Sununu Says Trump 'Contributed' To Capitol Insurrection; Ed Commissioner Criticizes Parler Takedown | New Hampshire Public Radio

Sununu Says Trump 'Contributed' To Capitol Insurrection; Ed Commissioner Criticizes Parler Takedown

Jan 11, 2021

Gov. Chris Sununu (right) and House Speaker Sherman Packard on Jan. 7, 2021, after Sununu was sworn in for his third term as New Hampshire governor.
Credit Dave Lane / Union Leader

Gov.  Chris Sununu is criticizing President Trump's role in the storming of the Capitol last week, but he stopped short of calling for Trump's impeachment, saying the focus needs to be on ensuring an orderly transition of power.

Get NHPR's reporting in your inbox - sign up for our newsletters today.

In a statement, Sununu said "President Trump's rhetoric and actions contributed to the insurrection at the United States Capitol Building."

Sununu also said that what he called the "domestic terrorists" who participated in the attack should be prosecuted to the fullest extent of the law.

The governor declined, however to call for Trump's impeachment, noting that "President-Elect Biden has said impeachment is a matter for Congress to weigh, and I agree."     

Sununu, who supported Trump’s re-election bid, has pushed back on Trump’s repeated false claims of widespread voter fraud in the 2020 election.
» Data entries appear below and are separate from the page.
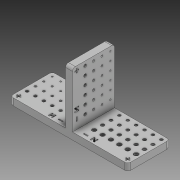
# Autodesk Inventor part: Drill Bushings Test Print
Saved by Autodesk Inventor 2022 (Build 260153000, 153)
## iProperties
Created: 2022-01-18
Part Number: Drill Bushings Test Print
Material: ABS Plastic
Document SubType Name: Modeling
Density: 1.06 g/cm^3
Appearance: Smooth - Medium Gray
Autodesk Inventor part; units mm, degrees
ref_plane "YZ Plane" through (0, 0, 0) normal (1, 0, 0) x (0, 1, 0)
ref_plane "XZ Plane" through (0, 0, 0) normal (0, 1, 0) x (-1, 0, 0)
ref_plane "XY Plane" through (0, 0, 0) normal (0, 0, 1) x (1, 0, 0)
sketch "Sketch1" plane through (0, 0, 0) normal (0, 1, 0) x (-1, 0, 0)
  line L0 (4.7625, 77.3906) -> (-4.7625, 77.3906)
  line L1 (-4.7625, 77.3906) -> (-4.7625, 75.0094)
  line L2 (-4.7625, 75.0094) -> (4.7625, 75.0094)
  line L3 (4.7625, 75.0094) -> (4.7625, 77.3906)
  line L4 (4.7625, 77.3906) -> (-4.7625, 75.0094) construction
  line L5 (-4.7625, 77.3906) -> (4.7625, 75.0094) construction
  line L6 (-90.4875, 77.3906) -> (-100.0125, 77.3906)
  line L7 (-100.0125, 77.3906) -> (-100.0125, 75.0094)
  line L8 (-100.0125, 75.0094) -> (-90.4875, 75.0094)
  line L9 (-90.4875, 75.0094) -> (-90.4875, 77.3906)
  line L10 (-90.4875, 77.3906) -> (-100.0125, 75.0094) construction
  line L11 (-100.0125, 77.3906) -> (-90.4875, 75.0094) construction
  line L12 (-96.4406, 71.4375) -> (-94.0594, 71.4375)
  line L13 (-94.0594, 71.4375) -> (-94.0594, 80.9625)
  line L14 (-94.0594, 80.9625) -> (-96.4406, 80.9625)
  line L15 (-96.4406, 80.9625) -> (-96.4406, 71.4375)
  line L16 (-96.4406, 71.4375) -> (-94.0594, 80.9625) construction
  line L17 (-94.0594, 71.4375) -> (-96.4406, 80.9625) construction
  line L18 (-14.2875, 80.9625) -> (-14.2875, 71.4375)
  line L19 (-14.2875, 71.4375) -> (-16.6687, 71.4375)
  line L20 (-16.6687, 71.4375) -> (-21.4312, 77.2177)
  line L21 (-21.4312, 77.2177) -> (-21.4312, 71.4375)
  line L22 (-21.4312, 71.4375) -> (-23.8125, 71.4375)
  line L23 (-23.8125, 71.4375) -> (-23.8125, 80.9625)
  line L24 (-23.8125, 80.9625) -> (-21.4312, 80.9625)
  line L25 (-21.4312, 80.9625) -> (-16.6687, 75.1823)
  line L26 (-16.6687, 75.1823) -> (-16.6687, 80.9625)
  line L27 (-16.6687, 80.9625) -> (-14.2875, 80.9625)
  line L28 (-19.05, 78.0724) -> (-19.05, 74.3276) construction
  line L29 (28.575, -9.525) -> (-104.775, -9.525)
  line L30 (-104.775, -9.525) -> (-104.775, 85.725)
  line L31 (-104.775, 85.725) -> (28.575, 85.725)
  line L32 (28.575, 85.725) -> (28.575, -9.525)
  line L33 (28.575, -9.525) -> (-104.775, 85.725) construction
  line L34 (-104.775, -9.525) -> (28.575, 85.725) construction
  point P0 (0, 76.2)
  point P1 (-95.25, 76.2)
  point P2 (-95.25, 76.2)
  point P3 (0, 76.2)
  point P4 (-95.25, 76.2)
  point P5 (0, 76.2)
  point P6 (-95.25, 76.2)
  point P7 (-96.4406, 77.3906)
  point P8 (-94.0594, 77.3906)
  point P9 (-94.0594, 75.0094)
  point P10 (-96.4406, 75.0094)
  point P11 (0, 0)
  point P12 (-19.05, 76.2)
  point P13 (-95.25, 76.2)
  point P14 (-19.05, 0)
  point P15 (-38.1, 0)
  point P16 (-57.15, 0)
  point P17 (-76.2, 0)
  point P18 (-38.1, 38.1)
  point P19 (-95.25, 0)
  point P20 (0, 19.05)
  point P21 (-19.05, 19.05)
  point P22 (-57.15, 19.05)
  point P23 (-38.1, 19.05)
  point P24 (-95.25, 19.05)
  point P25 (-76.2, 19.05)
  point P26 (0, 38.1)
  point P27 (-19.05, 38.1)
  point P28 (-57.15, 38.1)
  point P29 (-38.1, 38.1)
  point P30 (-95.25, 38.1)
  point P31 (-76.2, 38.1)
  point P32 (0, 57.15)
  point P33 (-19.05, 57.15)
  point P34 (-57.15, 57.15)
  point P35 (-38.1, 57.15)
  point P36 (-95.25, 57.15)
  point P37 (-76.2, 57.15)
  point P38 (28.575, 38.1)
  dimension "d137" = 25.4
  dimension "d33" = 9.525
  dimension "d34" = 2.3813
  dimension "d61" = 9.525
  dimension "d62" = 9.525
  dimension "d64" = 2.3813
  dimension "d67" = 133.35
  dimension "d81" = 19.05
  dimension "d123" = 0
  dimension "d134" = 19.05
  dimension "d139" = 19.05
  dimension "d140" = 9.525
  constraints: 71 end point, 17 midpoint, 11 parallel, 7 equal length, 7 perpendicular, 6 point on line, 5 horizontal, 4 vertical alignment, 3 horizontal alignment, 2 vertical, 23 other
  measures "d33" distance of L1.end L2.end
  measures "d34" distance of L2.end L0.start
  measures "d61" distance between parallel lines of L23 L18
  measures "d62" distance between parallel lines of L24 L22
  measures "d64" distance between parallel lines of L25 L20
  measures "d67" distance of L29.start L29.end
  measures "d81" distance of point (0, 0) point (-19.05, 0)
  measures "d123" horizontal distance of point (-38.1, 38.1) point (-38.1, 0)
  measures "d134" distance of point (0, 0) point (0, 19.05)
  measures "d139" distance of point (0, 76.2) point (0, 57.15)
  measures "d140" distance from line of point (0, 0) L29
extrude "Extrusion1" add sketch "Sketch1" against normal blind 15.875
fillet "Fillet1" radius 6.35 2 edges at (104.775, -7.9375, -9.525) (104.775, -7.9375, 85.725)
fillet "Fillet2" radius 0.3969 26 edges at (21.4312, -7.9375, 77.2177) (100.0125, -7.9375, 75.0094) (100.0125, -7.9375, 77.3906) (96.4406, -7.9375, 77.3906) (96.4406, -7.9375, 80.9625) (94.0594, -7.9375, 80.9625) (94.0594, -7.9375, 77.3906) (90.4875, -7.9375, 77.3906) (90.4875, -7.9375, 75.0094) (94.0594, -7.9375, 75.0094) (94.0594, -7.9375, 71.4375) (96.4406, -7.9375, 71.4375) (96.4406, -7.9375, 75.0094) (21.4312, -7.9375, 71.4375) (23.8125, -7.9375, 71.4375) (23.8125, -7.9375, 80.9625) (21.4312, -7.9375, 80.9625) (16.6687, -7.9375, 75.1823) (16.6687, -7.9375, 71.4375) (14.2875, -7.9375, 71.4375) (16.6687, -7.9375, 80.9625) (14.2875, -7.9375, 80.9625) (4.7625, -7.9375, 77.3906) (4.7625, -7.9375, 75.0094) (-4.7625, -7.9375, 75.0094) (-4.7625, -7.9375, 77.3906)
hole "Hole7" at (19.05, 0, 38.1) direction (0, -1, 0) diameter 6.35 depth 10.16 counterbore diameter 7.9375 counterbore depth 1.27 clearance for "Hex Head Bolt" size "1/4" standard "Ansi Unified Screw Threads"
hole "Hole8" at (0, 0, 38.1) direction (0, -1, 0) diameter 6.223 depth 10.16 counterbore diameter 7.8105 counterbore depth 1.27
hole "Hole9" at (38.1, 0, 38.1) direction (0, -1, 0) diameter 6.477 depth 10.16 counterbore diameter 8.0645 counterbore depth 1.27 clearance for "Hex Head Bolt" size "1/4" standard "Ansi Unified Screw Threads"
hole "Hole10" at (57.15, 0, 38.1) direction (0, -1, 0) diameter 6.604 depth 10.16 counterbore diameter 8.1915 counterbore depth 1.27 clearance for "Hex Head Bolt" size "1/4" standard "Ansi Unified Screw Threads"
hole "Hole11" at (76.2, 0, 38.1) direction (0, -1, 0) diameter 6.731 depth 10.16 counterbore diameter 8.3185 counterbore depth 1.27 clearance for "Hex Head Bolt" size "1/4" standard "Ansi Unified Screw Threads"
hole "Hole12" at (95.25, 0, 38.1) direction (0, -1, 0) diameter 6.858 depth 10.16 counterbore diameter 8.4455 counterbore depth 1.27 clearance for "Hex Head Bolt" size "1/4" standard "Ansi Unified Screw Threads"
hole "Hole13" at (19.05, 0, 0) direction (0, -1, 0) diameter 5.0546 depth 7.62 counterbore diameter 6.35 counterbore depth 1.016
hole "Hole14" at (0, 0, 0) direction (0, -1, 0) diameter 4.9276 depth 7.62 counterbore diameter 6.223 counterbore depth 1.016
hole "Hole15" at (38.1, 0, 0) direction (0, -1, 0) diameter 5.1816 depth 7.62 counterbore diameter 6.477 counterbore depth 1.016
hole "Hole16" at (76.2, 0, 0) direction (0, -1, 0) diameter 5.4356 depth 7.62 counterbore diameter 6.731 counterbore depth 1.016
hole "Hole17" at (57.15, 0, 0) direction (0, -1, 0) diameter 5.3086 depth 7.62 counterbore diameter 6.604 counterbore depth 1.016
hole "Hole18" at (95.25, 0, 0) direction (0, -1, 0) diameter 5.5626 depth 7.62 counterbore diameter 6.858 counterbore depth 1.016
hole "Hole19" at (19.05, 0, 57.15) direction (0, -1, 0) diameter 8.2804 depth 13.97 counterbore diameter 9.525 counterbore depth 1.524
hole "Hole20" at (0, 0, 57.15) direction (0, -1, 0) diameter 8.1534 depth 13.97 counterbore diameter 9.398 counterbore depth 1.524
hole "Hole21" at (38.1, 0, 57.15) direction (0, -1, 0) diameter 8.4074 depth 13.97 counterbore diameter 9.652 counterbore depth 1.524
hole "Hole22" at (57.15, 0, 57.15) direction (0, -1, 0) diameter 8.5344 depth 13.97 counterbore diameter 9.779 counterbore depth 1.524
hole "Hole23" at (76.2, 0, 57.15) direction (0, -1, 0) diameter 8.6614 depth 13.97 counterbore diameter 9.906 counterbore depth 1.524
hole "Hole24" at (95.25, 0, 57.15) direction (0, -1, 0) diameter 8.7884 depth 13.97 counterbore diameter 10.033 counterbore depth 1.524
hole "Hole25" at (19.05, 0, 19.05) direction (0, -1, 0) diameter 5.842 depth 8.89 counterbore diameter 7.112 counterbore depth 1.016
hole "Hole26" at (0, 0, 19.05) direction (0, -1, 0) diameter 5.715 depth 8.89 counterbore diameter 6.985 counterbore depth 1.016
hole "Hole27" at (38.1, 0, 19.05) direction (0, -1, 0) diameter 5.969 depth 8.89 counterbore diameter 7.239 counterbore depth 1.016
hole "Hole28" at (76.2, 0, 19.05) direction (0, -1, 0) diameter 6.223 depth 8.89 counterbore diameter 7.493 counterbore depth 1.016
hole "Hole29" at (57.15, 0, 19.05) direction (0, -1, 0) diameter 6.096 depth 8.89 counterbore diameter 7.366 counterbore depth 1.016
hole "Hole30" at (95.25, 0, 19.05) direction (0, -1, 0) diameter 6.35 depth 8.89 counterbore diameter 7.62 counterbore depth 1.016 clearance for "Hex Head Bolt" size "1/4" standard "Ansi Unified Screw Threads"
sketch "Sketch2" plane through (0, -7.62, 0) normal (0, 1, 0) x (1, 0, 0)
  circle A0 centre (0, 0) radius 2.4638 projected
  circle A1 centre (19.05, 0) radius 2.5273 projected
  circle A2 centre (38.1, 0) radius 2.5908 projected
  circle A3 centre (57.15, 0) radius 2.6543 projected
  circle A4 centre (76.2, 0) radius 2.7178 projected
  circle A5 centre (95.25, 0) radius 2.7813 projected
  constraints: 6 coincident
hole "Hole31" at (0, -7.62, 0) at (19.05, -7.62, 0) at (38.1, -7.62, 0) at (57.15, -7.62, 0) at (76.2, -7.62, 0) at (95.25, -7.62, 0) direction (0, -1, 0) diameter 3.556 end through all
sketch "Sketch3" plane through (0, -8.89, 19.05) normal (0, 1, 0) x (1, 0, 0)
  circle A0 centre (0, 0) radius 2.8575 projected
  circle A1 centre (19.05, 0) radius 2.921 projected
  circle A2 centre (38.1, 0) radius 2.9845 projected
  circle A3 centre (57.15, 0) radius 3.683 projected
  circle A4 centre (76.2, 0) radius 3.7465 projected
  circle A5 centre (95.25, 0) radius 3.81 projected
  point P0 (0, 19.05)
  constraints: 6 coincident
hole "Hole32" at (0, -8.89, 19.05) at (19.05, -8.89, 19.05) at (38.1, -8.89, 19.05) at (57.15, -8.89, 19.05) at (76.2, -8.89, 19.05) at (95.25, -8.89, 19.05) direction (0, -1, 0) diameter 4.318 end through all
sketch "Sketch4" plane through (0, -10.16, 38.1) normal (0, 1, 0) x (1, 0, 0)
  circle A0 centre (0, 0) radius 3.9052 projected
  circle A1 centre (19.05, 0) radius 3.9687 projected
  circle A2 centre (38.1, 0) radius 3.2385 projected
  circle A3 centre (57.15, 0) radius 3.302 projected
  circle A4 centre (76.2, 0) radius 3.3655 projected
  circle A5 centre (95.25, 0) radius 3.429 projected
  point P0 (0, 38.1)
  constraints: 6 coincident
hole "Hole33" at (0, -10.16, 38.1) at (19.05, -10.16, 38.1) at (38.1, -10.16, 38.1) at (57.15, -10.16, 38.1) at (76.2, -10.16, 38.1) at (95.25, -10.16, 38.1) direction (0, -1, 0) diameter 5.334 end through all
sketch "Sketch5" plane through (0, -13.97, 57.15) normal (0, 1, 0) x (1, 0, 0)
  circle A0 centre (0, 0) radius 4.699 projected
  circle A1 centre (19.05, 0) radius 4.7625 projected
  circle A2 centre (38.1, 0) radius 4.826 projected
  circle A3 centre (57.15, 0) radius 4.8895 projected
  circle A4 centre (76.2, 0) radius 4.953 projected
  circle A5 centre (95.25, 0) radius 5.0165 projected
  point P0 (0, 57.15)
  constraints: 6 coincident
hole "Hole34" at (0, -13.97, 57.15) at (19.05, -13.97, 57.15) at (38.1, -13.97, 57.15) at (57.15, -13.97, 57.15) at (76.2, -13.97, 57.15) at (95.25, -13.97, 57.15) direction (0, -1, 0) diameter 6.604 end through all
ref_plane "Work Plane1" through (0, -7.9375, 0) normal (0, 1, 0) x (1, 0, 0)
pattern_circular "Circular Pattern1" count 3 over 180 about axis through (-28.575, -7.9375, 0) along (0, 0, 1)
fillet "Fillet3" [suppressed]
body "Solid1"

Several other Republican governors, including Phil Scott of Vermont, Charlie Baker of Massachusetts, and Larry Hogan of Maryland, have called for Trump’s immediate removal from office.

New Hampshire Education Commissioner Frank Edleblut is criticizing tech companies for suspending the social media platform Parler and removing President Trump from Twitter.
Credit Twitter

Meanwhile, state Education Commissioner Frank Edelblut, in a series of social media posts, criticized tech companies for banning Parler, a social network popular with conservatives, and Twitter, itself for banning Trump over the weekend.

In a statement, Edelbut acknowledged that "private companies are free to do as they wish within the law," but also argued that “the antidote to bad speech is more speech, not less."

Edelblut, a Republican, ran for governor in 2016 and hasn't ruled out doing so again.